[ESI (ostensibly)] On memory services/streams

Memory accesses – being a very common and generally poorly optimized (IMO) construct – bear special consideration in ESI (I think) and more generally. I’m writing down my thoughts on this to spur discussion about this topic and re-frame the problem. Also, I promised @mortbopet a while back I’d write my thoughts on the topic. The recent post about a stream dialect prompted me to write this up. (And I’m procrastinating on some paper reviews.)

These are just initial thoughts. They refer to things in ESI which are not implemented or even fully developed ideas.

General/random accesses

If a kernel needs actually needs it, one can imagine providing an ESI Service (#2811) to support arbitrary memory request-based accesses. I won’t spell this out, but it would involve read and write ports which accept arbitrary addresses or perhaps a restricted subset. It could be backed by a cache which could – in turn – be customized to the application.

Alternatively, an Any typed ESI MMIO region could be used. MMIO regions will probably lower to ESI services once we start working on them, so same difference.

This is the standard way of doing things on a SoC.

Structured memory streams

The usual request/response mechanism adds latency and wastes resources in some (most, I suspect) cases. The full generality of memory isn’t necessary for some (most, again I suspect) accelerators! If one can figure out a memory access pattern for an accelerator, one can model that instead and perhaps synthesize hardware with an implicit request (address) structure. The accelerator – in the ideal case – wouldn’t need to even have knowledge of addresses!

Take the simple case of a data stream. The backing memory must be loaded with the data stream, so we need a write stream port. It would probably have the ESI list data type (not supported yet) to support arbitrary-length data as a single message or an array data type (with data windows). Since we also need to read it, it’d need at least one read port, which would also be the list/array type.

If we only need to write-once and read-once, this could be modeled as a simple ESI connection with a memory-backed buffer – the memory is implicit, so there’s no need to use an ESI memory stream.

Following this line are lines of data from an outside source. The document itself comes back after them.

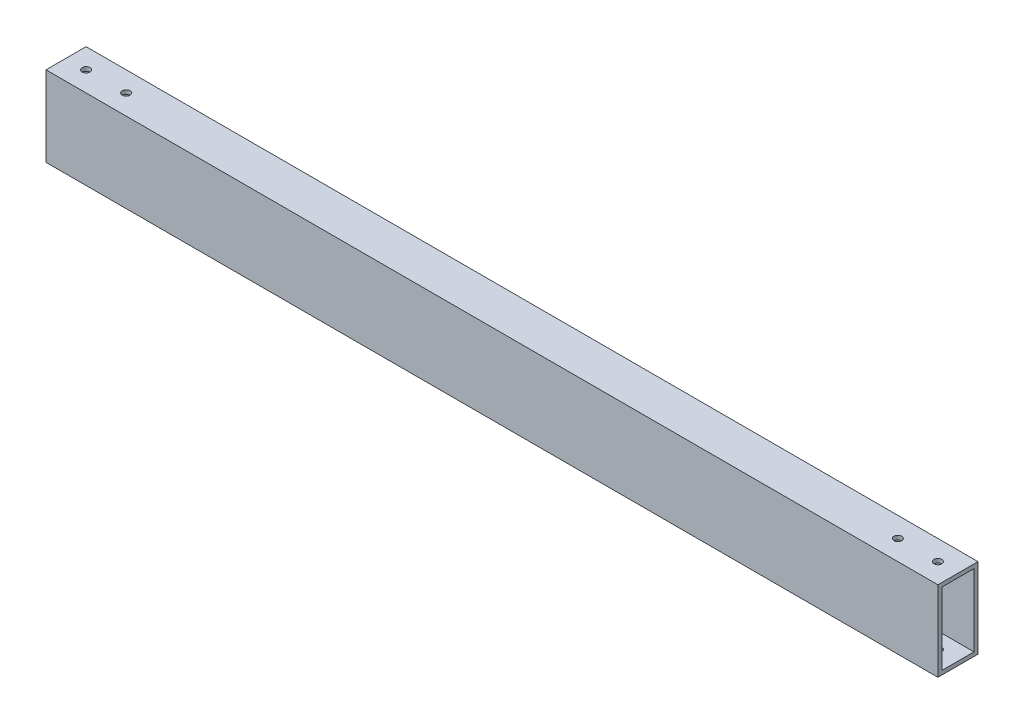
SolidWorks part; units mm, degrees
ref_plane "Front Plane" through (0, 0, 0) normal (0, 0, 1) x (1, 0, 0)
ref_plane "Top Plane" through (0, 0, 0) normal (0, 1, 0) x (1, 0, 0)
ref_plane "Right Plane" through (0, 0, 0) normal (1, 0, 0) x (0, 0, -1)
sketch "Sketch1" plane through (0, 0, 0) normal (1, 0, 0) x (0, 0, -1)
  line L1 (-12.7, -25.4) -> (12.7, -25.4)
  line L2 (-12.7, -25.4) -> (-12.7, 25.4)
  line L3 (-12.7, 25.4) -> (12.7, 25.4)
  line L4 (12.7, -25.4) -> (12.7, 25.4)
  line L5 (-12.7, -25.4) -> (12.7, 25.4) construction
  line L6 (-12.7, 25.4) -> (12.7, -25.4) construction
  point P0 (0, 0)
  dimension "D1" = 25.4
  dimension "D2" = 50.8
extrude "Extrude-Thin1" add sketch "Sketch1" along normal mid plane 565.15 thin thin type one direction reverse wall 2.54
sketch "Sketch2" plane through (0, 25.4, 0) normal (0, 1, 0) x (1, 0, 0)
  line L0 (-282.575, 12.7) -> (-282.575, -12.7) construction
  line L1 (282.575, 12.7) -> (282.575, -12.7) construction
  circle A0 centre (-269.875, 0) radius 2.4765
  circle A1 centre (-244.475, 0) radius 2.4765
  circle A2 centre (269.875, 0) radius 2.4765
  circle A3 centre (244.475, 0) radius 2.4765
  dimension "D1" = 25.4
  dimension "D2" = 25.4
  dimension "D3" = 12.7
  dimension "D4" = 12.7
extrude "Cut-Extrude1" cut sketch "Sketch2" against normal through all

Since we want to use the data stored in the memory multiple times, we would also need a “start stream” request port. Importantly, this port need not be driven by the stream reader. Another ‘controller’ module could be orchestrating multiple memories, ‘pushing’ data to the functional units, so all the data streams are ready when the functional units need the data (rather than sending a request and waiting for the response).

Taking that idea one step further, if a consumer knows that it consumes data at a particular stride (within a message), that could be specified when the read port is created. (Allowing the potential opportunity to discard some data on write if it’s never going to be read.) This ‘stride’ could be modeled as only a certain field in a struct assuming the message is a list/array of structs. (This could be modeled as an ESI ‘blind’ which could be applied to any ESI channel.)

One could expand this “start stream” request to include a “slot” tag to fetch a particular ESI message which was stored in that memory. Having memories structured as “message buffers” has the additional benefit of allowing memory layout abstraction – the implementation gets to choose (though it would probably have to “advertise” its capabilities). If an implementation wants to dynamically manage memory in on-chip caches to off-chip memory, it can do that. If a memory implementation wants to statically partition on-chip memory and only support a certain number of messages of certain max sizes, it is free to do so. If it wants to stripe the message by struct field to optimize physical placement proximity to the consuming units which only need said “strides”, it could do that.

Data dependent loads

Some algorithms fundamentally need the ability to fetch a piece of data based on some other in-memory data. In other words, it needs an address generator with access to memory. These “pointer-chasing” workloads (e.g., sparse graph processing) could still benefit (I’d argue without much evidence) from computing the address separately from the data processing. If we model the “address generator” separately, the memory implementation could choose where it should be placed.

For instance, usually these address generators are latency sensitive so it might make sense to put them in parallel to an on-chip cache (assuming off-chip memory) so as to avoid additional cache latency. Or have a special low-latency addresses-only cache. Or instantiate a bunch in parallel for workloads with little temporal locality but massive parallelism.

Either way, by modeling the address generation separately from the data processing logic (and creating a data stream into the data processing logic), we give the compiler more flexibility to optimize the design.

This is obvious in retrospect, but the talk on Amythyst in HotChips today had affine memory blocks. The affine dialect is an obvious model here: have a memory service which operates on a set of affine loads and stores. Just send a message to it with some base pointers, some bounds and it starts feeding all the loads and servicing all the writes! How to model RAW deps is the question…

Just wanted to get this down while I was thinking about it.